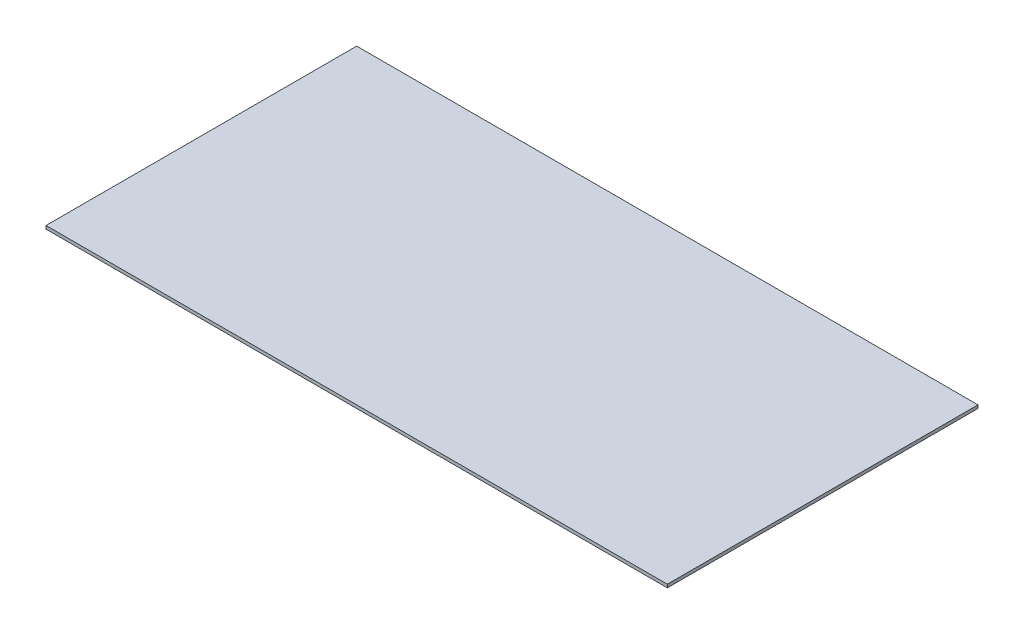
ISO-10303-21;
HEADER;
FILE_DESCRIPTION(('STEP AP214'),'2;1');
FILE_NAME('part.step','',(''),(''),'','','');
FILE_SCHEMA(('AUTOMOTIVE_DESIGN { 1 0 10303 214 1 1 1 1 }'));
ENDSEC;
DATA;
#1=APPLICATION_CONTEXT('core data for automotive mechanical design processes');
#2=APPLICATION_PROTOCOL_DEFINITION('international standard','automotive_design',2000,#1);
#3=PRODUCT_CONTEXT('',#1,'mechanical');
#4=PRODUCT('Part','Part','',(#3));
#5=PRODUCT_RELATED_PRODUCT_CATEGORY('part','',(#4));
#6=PRODUCT_DEFINITION_FORMATION('','',#4);
#7=PRODUCT_DEFINITION_CONTEXT('part definition',#1,'design');
#8=PRODUCT_DEFINITION('design','',#6,#7);
#9=PRODUCT_DEFINITION_SHAPE('','',#8);
#10=(LENGTH_UNIT() NAMED_UNIT(*) SI_UNIT(.MILLI.,.METRE.));
#11=(NAMED_UNIT(*) PLANE_ANGLE_UNIT() SI_UNIT($,.RADIAN.));
#12=(NAMED_UNIT(*) SI_UNIT($,.STERADIAN.) SOLID_ANGLE_UNIT());
#13=UNCERTAINTY_MEASURE_WITH_UNIT(LENGTH_MEASURE(1.E-05),#10,'distance_accuracy_value','');
#14=(GEOMETRIC_REPRESENTATION_CONTEXT(3) GLOBAL_UNCERTAINTY_ASSIGNED_CONTEXT((#13)) GLOBAL_UNIT_ASSIGNED_CONTEXT((#10,
#11,#12)) REPRESENTATION_CONTEXT('',''));
#15=CARTESIAN_POINT('',(0.,0.,0.));
#16=DIRECTION('',(0.,0.,1.));
#17=DIRECTION('',(1.,0.,0.));
#18=AXIS2_PLACEMENT_3D('',#15,#16,#17);
#19=CARTESIAN_POINT('',(0.,0.,0.));
#20=DIRECTION('',(0.,1.,0.));
#21=DIRECTION('',(0.,0.,1.));
#22=AXIS2_PLACEMENT_3D('',#19,#20,#21);
#23=PLANE('',#22);
#24=DIRECTION('',(1.,0.,0.));
#25=VECTOR('',#24,1.);
#26=CARTESIAN_POINT('',(0.,0.,0.));
#27=LINE('',#26,#25);
#28=CARTESIAN_POINT('',(0.,0.,0.));
#29=VERTEX_POINT('',#28);
#30=CARTESIAN_POINT('',(25.4,0.,0.));
#31=VERTEX_POINT('',#30);
#32=EDGE_CURVE('E80',#29,#31,#27,.T.);
#33=ORIENTED_EDGE('',*,*,#32,.T.);
#34=DIRECTION('',(0.,0.,1.));
#35=VECTOR('',#34,1.);
#36=CARTESIAN_POINT('',(25.4,0.,0.));
#37=LINE('',#36,#35);
#38=CARTESIAN_POINT('',(25.4,0.,12.7));
#39=VERTEX_POINT('',#38);
#40=EDGE_CURVE('E67',#31,#39,#37,.T.);
#41=ORIENTED_EDGE('',*,*,#40,.T.);
#42=DIRECTION('',(-1.,0.,0.));
#43=VECTOR('',#42,1.);
#44=CARTESIAN_POINT('',(0.,0.,12.7));
#45=LINE('',#44,#43);
#46=CARTESIAN_POINT('',(0.,0.,12.7));
#47=VERTEX_POINT('',#46);
#48=EDGE_CURVE('E54',#39,#47,#45,.T.);
#49=ORIENTED_EDGE('',*,*,#48,.T.);
#50=DIRECTION('',(0.,0.,-1.));
#51=VECTOR('',#50,1.);
#52=CARTESIAN_POINT('',(0.,0.,0.));
#53=LINE('',#52,#51);
#54=EDGE_CURVE('E19',#47,#29,#53,.T.);
#55=ORIENTED_EDGE('',*,*,#54,.T.);
#56=EDGE_LOOP('',(#33,#41,#49,#55));
#57=FACE_BOUND('',#56,.T.);
#58=ADVANCED_FACE('F16',(#57),#23,.F.);
#59=CARTESIAN_POINT('',(0.,0.13,0.));
#60=DIRECTION('',(1.,0.,0.));
#61=DIRECTION('',(0.,0.,-1.));
#62=AXIS2_PLACEMENT_3D('',#59,#60,#61);
#63=PLANE('',#62);
#64=DIRECTION('',(0.,1.,0.));
#65=VECTOR('',#64,1.);
#66=CARTESIAN_POINT('',(0.,0.13,12.7));
#67=LINE('',#66,#65);
#68=CARTESIAN_POINT('',(0.,0.13,12.7));
#69=VERTEX_POINT('',#68);
#70=EDGE_CURVE('E60',#47,#69,#67,.T.);
#71=ORIENTED_EDGE('',*,*,#70,.T.);
#72=DIRECTION('',(0.,0.,1.));
#73=VECTOR('',#72,1.);
#74=CARTESIAN_POINT('',(0.,0.13,0.));
#75=LINE('',#74,#73);
#76=CARTESIAN_POINT('',(0.,0.13,0.));
#77=VERTEX_POINT('',#76);
#78=EDGE_CURVE('E82',#77,#69,#75,.T.);
#79=ORIENTED_EDGE('',*,*,#78,.F.);
#80=DIRECTION('',(0.,1.,0.));
#81=VECTOR('',#80,1.);
#82=CARTESIAN_POINT('',(0.,0.13,0.));
#83=LINE('',#82,#81);
#84=EDGE_CURVE('E63',#77,#29,#83,.F.);
#85=ORIENTED_EDGE('',*,*,#84,.T.);
#86=ORIENTED_EDGE('',*,*,#54,.F.);
#87=EDGE_LOOP('',(#71,#79,#85,#86));
#88=FACE_BOUND('',#87,.T.);
#89=ADVANCED_FACE('F59',(#88),#63,.F.);
#90=CARTESIAN_POINT('',(0.,0.13,12.7));
#91=DIRECTION('',(0.,0.,-1.));
#92=DIRECTION('',(-1.,0.,0.));
#93=AXIS2_PLACEMENT_3D('',#90,#91,#92);
#94=PLANE('',#93);
#95=DIRECTION('',(0.,1.,0.));
#96=VECTOR('',#95,1.);
#97=CARTESIAN_POINT('',(25.4,0.13,12.7));
#98=LINE('',#97,#96);
#99=CARTESIAN_POINT('',(25.4,0.13,12.7));
#100=VERTEX_POINT('',#99);
#101=EDGE_CURVE('E69',#39,#100,#98,.T.);
#102=ORIENTED_EDGE('',*,*,#101,.T.);
#103=DIRECTION('',(1.,0.,0.));
#104=VECTOR('',#103,1.);
#105=CARTESIAN_POINT('',(0.,0.13,12.7));
#106=LINE('',#105,#104);
#107=EDGE_CURVE('E73',#69,#100,#106,.T.);
#108=ORIENTED_EDGE('',*,*,#107,.F.);
#109=ORIENTED_EDGE('',*,*,#70,.F.);
#110=ORIENTED_EDGE('',*,*,#48,.F.);
#111=EDGE_LOOP('',(#102,#108,#109,#110));
#112=FACE_BOUND('',#111,.T.);
#113=ADVANCED_FACE('F71',(#112),#94,.F.);
#114=CARTESIAN_POINT('',(25.4,0.13,0.));
#115=DIRECTION('',(-1.,0.,0.));
#116=DIRECTION('',(0.,0.,1.));
#117=AXIS2_PLACEMENT_3D('',#114,#115,#116);
#118=PLANE('',#117);
#119=DIRECTION('',(0.,1.,0.));
#120=VECTOR('',#119,1.);
#121=CARTESIAN_POINT('',(25.4,0.13,0.));
#122=LINE('',#121,#120);
#123=CARTESIAN_POINT('',(25.4,0.13,0.));
#124=VERTEX_POINT('',#123);
#125=EDGE_CURVE('E34',#31,#124,#122,.T.);
#126=ORIENTED_EDGE('',*,*,#125,.T.);
#127=DIRECTION('',(0.,0.,1.));
#128=VECTOR('',#127,1.);
#129=CARTESIAN_POINT('',(25.4,0.13,0.));
#130=LINE('',#129,#128);
#131=EDGE_CURVE('E25',#100,#124,#130,.F.);
#132=ORIENTED_EDGE('',*,*,#131,.F.);
#133=ORIENTED_EDGE('',*,*,#101,.F.);
#134=ORIENTED_EDGE('',*,*,#40,.F.);
#135=EDGE_LOOP('',(#126,#132,#133,#134));
#136=FACE_BOUND('',#135,.T.);
#137=ADVANCED_FACE('F88',(#136),#118,.F.);
#138=CARTESIAN_POINT('',(0.,0.13,0.));
#139=DIRECTION('',(0.,0.,1.));
#140=DIRECTION('',(1.,0.,0.));
#141=AXIS2_PLACEMENT_3D('',#138,#139,#140);
#142=PLANE('',#141);
#143=ORIENTED_EDGE('',*,*,#84,.F.);
#144=DIRECTION('',(1.,0.,0.));
#145=VECTOR('',#144,1.);
#146=CARTESIAN_POINT('',(0.,0.13,0.));
#147=LINE('',#146,#145);
#148=EDGE_CURVE('E11',#124,#77,#147,.F.);
#149=ORIENTED_EDGE('',*,*,#148,.F.);
#150=ORIENTED_EDGE('',*,*,#125,.F.);
#151=ORIENTED_EDGE('',*,*,#32,.F.);
#152=EDGE_LOOP('',(#143,#149,#150,#151));
#153=FACE_BOUND('',#152,.T.);
#154=ADVANCED_FACE('F90',(#153),#142,.F.);
#155=CARTESIAN_POINT('',(0.,0.13,0.));
#156=DIRECTION('',(0.,1.,0.));
#157=DIRECTION('',(0.,0.,1.));
#158=AXIS2_PLACEMENT_3D('',#155,#156,#157);
#159=PLANE('',#158);
#160=ORIENTED_EDGE('',*,*,#131,.T.);
#161=ORIENTED_EDGE('',*,*,#148,.T.);
#162=ORIENTED_EDGE('',*,*,#78,.T.);
#163=ORIENTED_EDGE('',*,*,#107,.T.);
#164=EDGE_LOOP('',(#160,#161,#162,#163));
#165=FACE_BOUND('',#164,.T.);
#166=ADVANCED_FACE('F87',(#165),#159,.T.);
#167=CLOSED_SHELL('',(#58,#89,#113,#137,#154,#166));
#168=MANIFOLD_SOLID_BREP('B1',#167);
#169=ADVANCED_BREP_SHAPE_REPRESENTATION('',(#18,#168),#14);
#170=SHAPE_DEFINITION_REPRESENTATION(#9,#169);
ENDSEC;
END-ISO-10303-21;

▶ **What is expected**
Transcribe, exactly and without additions, the lines of the records above, beginning with the line that contains "#29=VERTEX_POINT('',#28);" and ending with the line that contains "#37=LINE('',#36,#35);", both included.

▶ **Completed task**
#29=VERTEX_POINT('',#28);
#30=CARTESIAN_POINT('',(25.4,0.,0.));
#31=VERTEX_POINT('',#30);
#32=EDGE_CURVE('E80',#29,#31,#27,.T.);
#33=ORIENTED_EDGE('',*,*,#32,.T.);
#34=DIRECTION('',(0.,0.,1.));
#35=VECTOR('',#34,1.);
#36=CARTESIAN_POINT('',(25.4,0.,0.));
#37=LINE('',#36,#35);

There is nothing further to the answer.